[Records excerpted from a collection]
____
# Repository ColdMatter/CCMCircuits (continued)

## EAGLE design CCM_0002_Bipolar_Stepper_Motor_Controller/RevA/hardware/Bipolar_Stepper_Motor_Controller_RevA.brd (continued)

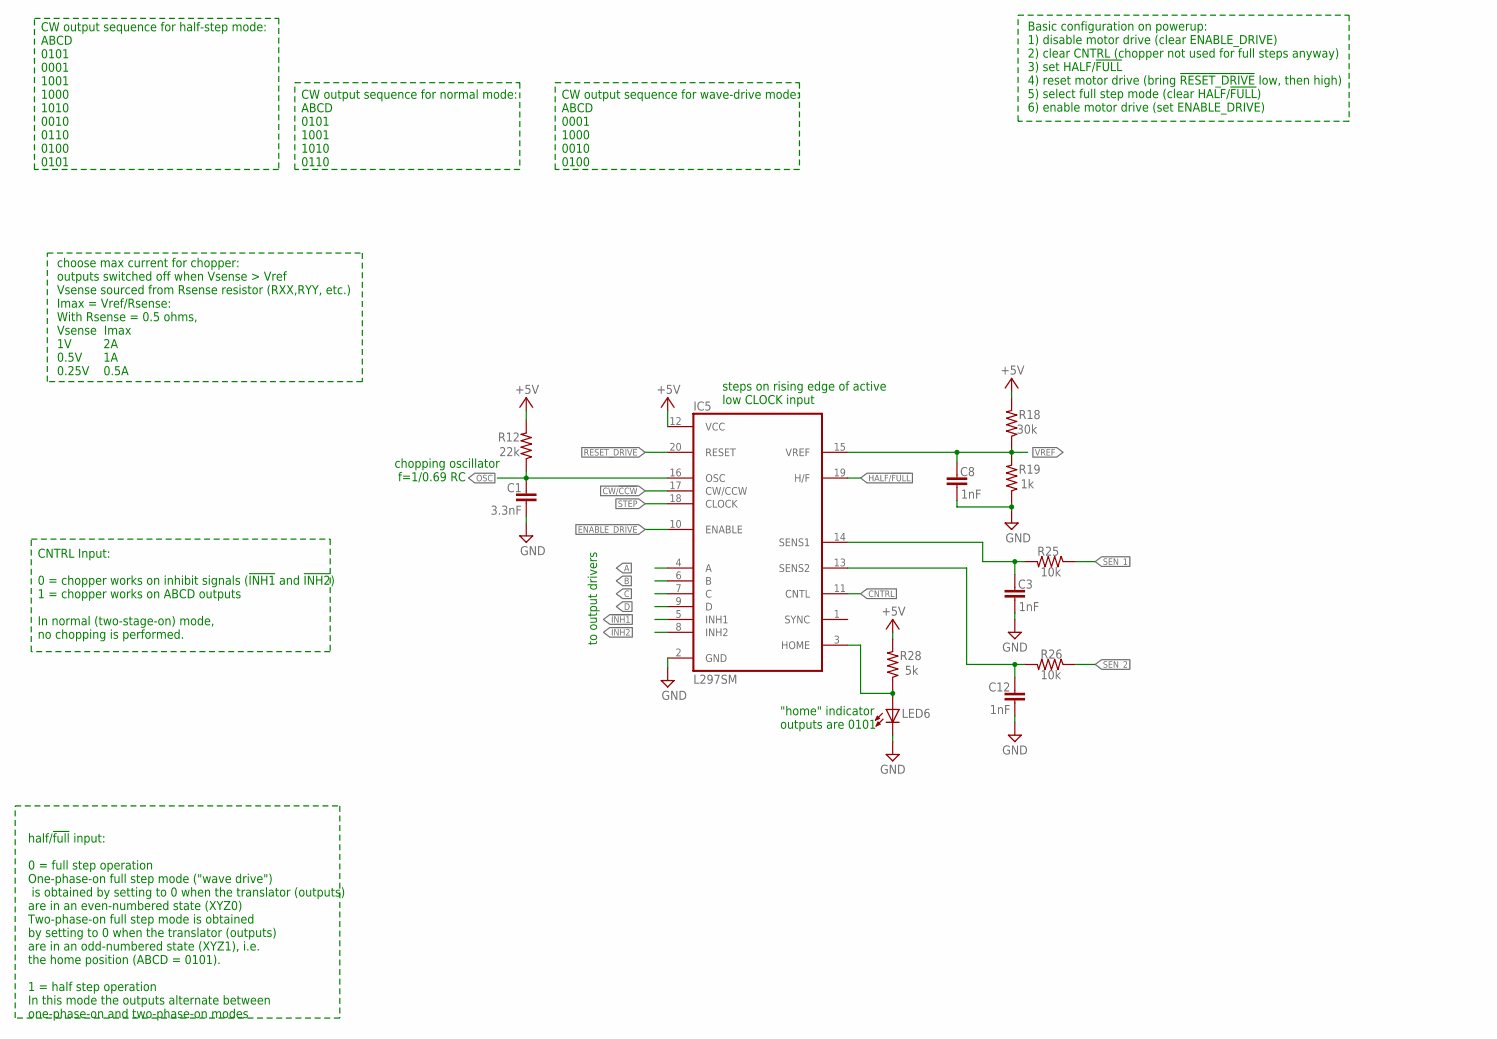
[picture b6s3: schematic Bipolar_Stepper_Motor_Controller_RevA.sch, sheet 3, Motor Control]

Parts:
C1: 3.3nF; 0603-CAP
C3, C8, C12: 1nF; 0603-CAP
IC5: L297SM; SO20
LED6: red; CHIPLED_0603
R12: 22k; 0603-RES
R18: 30k; 0603-RES
R19: 1k; 0603-RES
R25, R26: 10k; 0603-RES
R28: 5k; 0603-RES

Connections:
!INH1: IC5.5 (INH1); also elsewhere on the board
!INH2: IC5.8 (INH2); also elsewhere on the board
!RESET_DRIVE: IC5.20 (RESET); also elsewhere on the board
+5V: IC5.12 (VCC), R12.2, R18.2, R28.2; also elsewhere on the board
A: IC5.4 (A); also elsewhere on the board
B: IC5.6 (B); also elsewhere on the board
C: IC5.7 (C); also elsewhere on the board
CNTRL: IC5.11 (CNTL); also elsewhere on the board
CW/!CCW: IC5.17 (CW/CCW); also elsewhere on the board
D: IC5.9 (D); also elsewhere on the board
ENABLE_DRIVE: IC5.10 (ENABLE); also elsewhere on the board
GND: C1.2, C3.2, C8.2, C12.2, IC5.2 (GND), LED6.C, R19.1; also elsewhere on the board
HALF/!FULL: IC5.19 (H/F); also elsewhere on the board
unnamed: IC5.3 (HOME), LED6.A, R28.1
OSC: C1.1, IC5.16 (OSC), R12.1
SENSE1: C3.1, IC5.14 (SENS1), R25.2
SENSE2: C12.1, IC5.13 (SENS2), R26.2
SEN_1: R25.1; also elsewhere on the board
SEN_2: R26.1; also elsewhere on the board
STEP: IC5.18 (CLOCK); also elsewhere on the board
VREF: C8.1, IC5.15 (VREF), R18.1, R19.2

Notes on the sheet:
chopping oscillator f=1/0.69 RC
steps on rising edge of active low CLOCK input
choose max current for chopper: outputs switched off when Vsense > Vref Vsense sourced from Rsense resistor (RXX,RYY, etc.) Imax = Vref/Rsense: With Rsense = 0.5 ohms, Vsense Imax 1V 2A 0.5V 1A 0.25V 0.5A
"home" indicator outputs are 0101
to output drivers
CNTRL Input: 0 = chopper works on inhibit signals (!INH1! and !INH2!) 1 = chopper works on ABCD outputs In normal (two-stage-on) mode, no chopping is performed.
half/!full! input: 0 = full step operation One-phase-on full step mode ("wave drive") is obtained by setting to 0 when the translator (outputs) are in an even-numbered state (XYZ0) Two-phase-on full step mode is obtained by setting to 0 when the translator (outputs) are in an odd-numbered state (XY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
CW output sequence for half-step mode: ABCD 0101 0001 1001 1000 1010 0010 0110 0100 0101
Basic configuration on powerup: 1) disable motor drive (clear ENABLE_DRIVE) 2) clear CNTRL (chopper not used for full steps anyway) 3) set HALF/!FULL! 4) reset motor drive (bring !RESET_DRIVE! low, then high) 5) select full step mode (clear HALF/!FULL!) 6) enable motor drive (set ENABLE_DRIVE)
CW output sequence for normal mode: ABCD 0101 1001 1010 0110
CW output sequence for wave-drive mode: ABCD 0001 1000 0010 0100

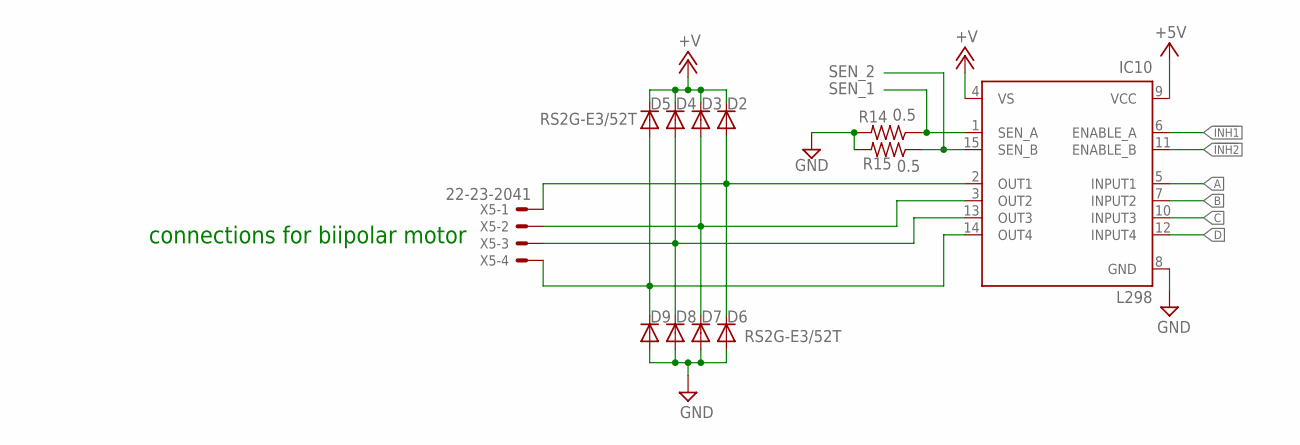
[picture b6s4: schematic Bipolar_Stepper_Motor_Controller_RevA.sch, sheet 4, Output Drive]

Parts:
D2, D3, D4, D5, D6, D7, D8, D9: RS2G-E3/52T; DO214AA
IC10: L298; MULTIWATT-15
R14, R15: 0.5; R2512
X5: 22-23-2041

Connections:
!INH1: IC10.6 (ENABLE_A); also elsewhere on the board
!INH2: IC10.11 (ENABLE_B); also elsewhere on the board
+5V: IC10.9 (VCC); also elsewhere on the board
+V: D2.C, D3.C, D4.C, D5.C, IC10.4 (VS); also elsewhere on the board
A: IC10.5 (INPUT1); also elsewhere on the board
B: IC10.7 (INPUT2); also elsewhere on the board
BI_A: D2.A, D6.C, IC10.2 (OUT1), X5.1
BI_B: D3.A, D7.C, IC10.3 (OUT2), X5.2
BI_C: D4.A, D8.C, IC10.13 (OUT3), X5.3
BI_D: D5.A, D9.C, IC10.14 (OUT4), X5.4
C: IC10.10 (INPUT3); also elsewhere on the board
D: IC10.12 (INPUT4); also elsewhere on the board
GND: D6.A, D7.A, D8.A, D9.A, IC10.8 (GND), R14.2, R15.2; also elsewhere on the board
SEN_1: IC10.1 (SEN_A), R14.1; also elsewhere on the board
SEN_2: IC10.15 (SEN_B), R15.1; also elsewhere on the board

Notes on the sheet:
connections for biipolar motor

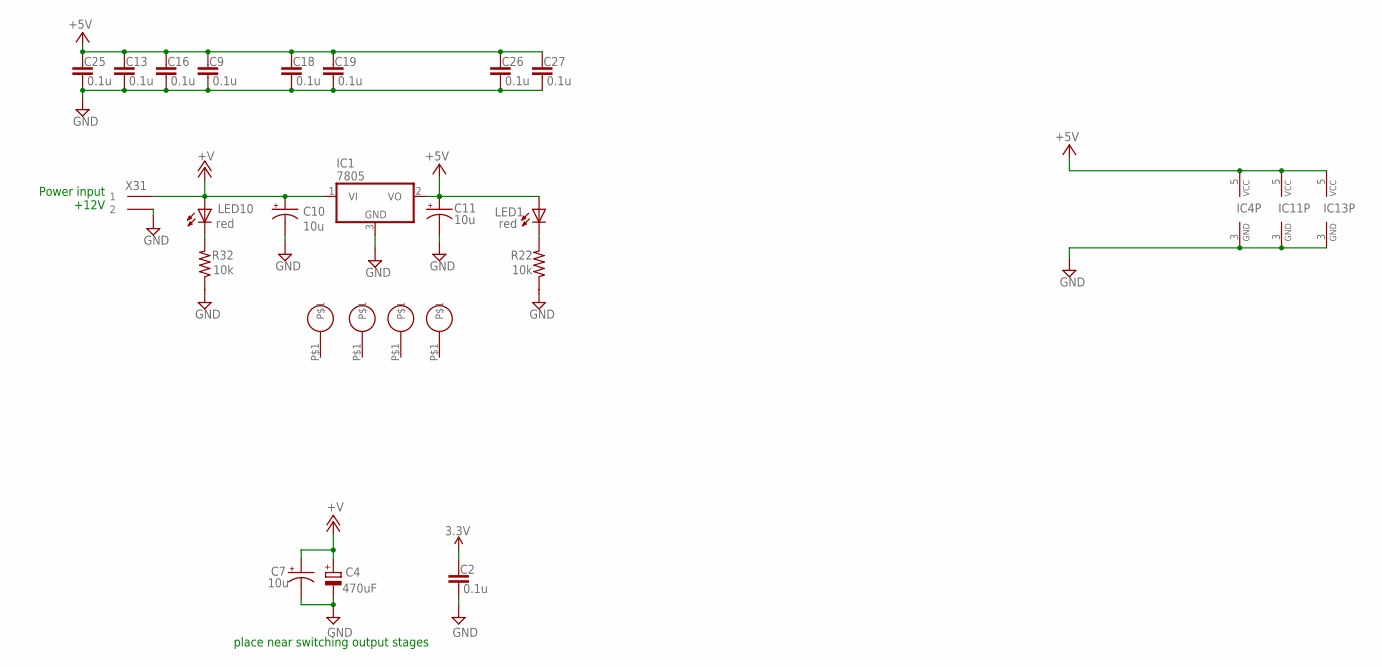
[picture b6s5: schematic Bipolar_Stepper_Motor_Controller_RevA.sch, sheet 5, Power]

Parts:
C2, C9, C13, C16, C18, C19, C25, C26, C27: 0.1u; 0603-CAP
C4: 470uF; SANYO-OSCON_SMD_F8
C7, C10, C11: 10u; EIA3216
IC1: 7805; TO252
IC4, IC11, IC13: 74AHC1G08DBV; SOT23-5
LED1, LED10: red; CHIPLED_0805
R22, R32: 10k; 0805
U$1, U$2, U$3, U$4: 2-56
X31: SL_70543_2

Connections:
3.3V: C2.1; also elsewhere on the board
+5V: C9.1, C11.A (+), C13.1, C16.1, C18.1, C19.1, C25.1, C26.1, C27.1, IC1.2 (VO), IC4.5 (VCC), IC11.5 (VCC), IC13.5 (VCC), LED1.A; also elsewhere on the board
+V: C4.+, C7.A (+), C10.A (+), IC1.1 (VI), LED10.A, X31.P$1 (1); also elsewhere on the board
GND: C2.2, C4.-, C7.C (-), C9.2, C10.C (-), C11.C (-), C13.2, C16.2, C18.2, C19.2, C25.2, C26.2, C27.2, IC1.3 (GND), IC4.3 (GND), IC11.3 (GND), IC13.3 (GND), R22.1, R32.1, X31.P$2 (2); also elsewhere on the board
LED1: LED1.C, R22.2
LED5: LED10.C, R32.2

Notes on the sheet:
Power input +12V
place near switching output stages

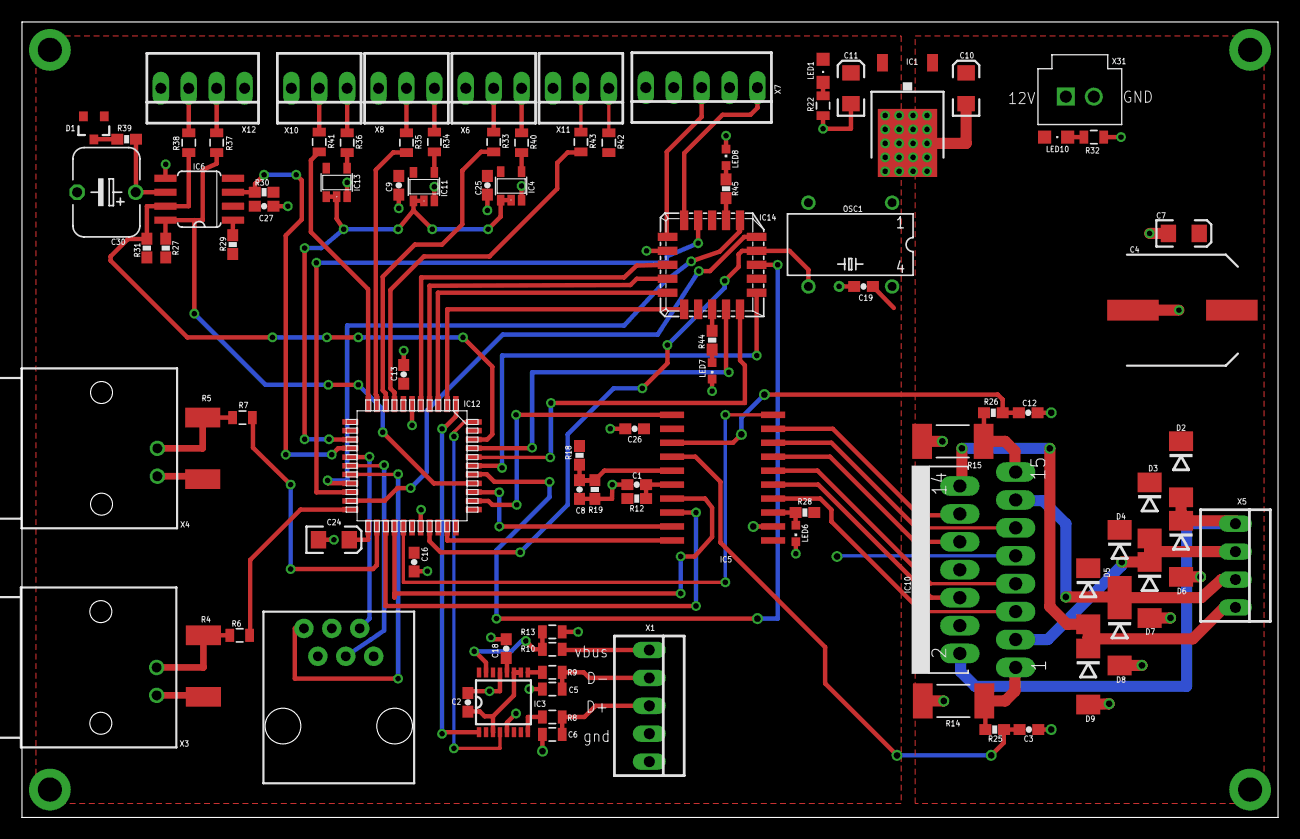
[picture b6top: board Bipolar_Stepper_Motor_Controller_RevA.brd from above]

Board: 2 copper layers, 114.3 x 72.4 mm, 97 parts (0 on the bottom side), 87 nets.

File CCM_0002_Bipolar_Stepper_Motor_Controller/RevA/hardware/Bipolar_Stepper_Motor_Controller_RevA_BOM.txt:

Partlist exported from C:/Users/nfitch/Google Drive/Electronics/Projects/CCM_0002_Bipolar_Stepper_Motor_Controller/RevA/Circuit/Bipolar_Stepper_Motor_Controller_RevA.sch at 10/11/2014 11:08:58

Qty Value        Device              Package            Parts                                     Description                                           
1   0.1F         CPOL-USP128-60      P128-60            C30                                       POLARIZED CAPACITOR, American symbol                  
9   0.1u         CAP0603-CAP         0603-CAP           C2, C9, C13, C16, C18, C19, C25, C26, C27 Capacitor                                             
2   0.5          R-US_R2512          R2512              R14, R15                                  RESISTOR, American symbol                             
2   1-227161-0   1-227161-0          AMP_227161         X3, X4                                    JACK,  RIGHT ANGLE, 50 OHM, PCB, BNC                  
3   10k          RESISTOR            0805               R13, R22, R32                             Resistor                                              
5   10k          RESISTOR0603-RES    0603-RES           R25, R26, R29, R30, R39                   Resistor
____
**PROBLEM DETAILS**
Every line above that holds the word "schematic" should be copied out.

**FINAL ANSWER**
[picture b6s3: schematic Bipolar_Stepper_Motor_Controller_RevA.sch, sheet 3, Motor Control]
[picture b6s4: schematic Bipolar_Stepper_Motor_Controller_RevA.sch, sheet 4, Output Drive]
[picture b6s5: schematic Bipolar_Stepper_Motor_Controller_RevA.sch, sheet 5, Power]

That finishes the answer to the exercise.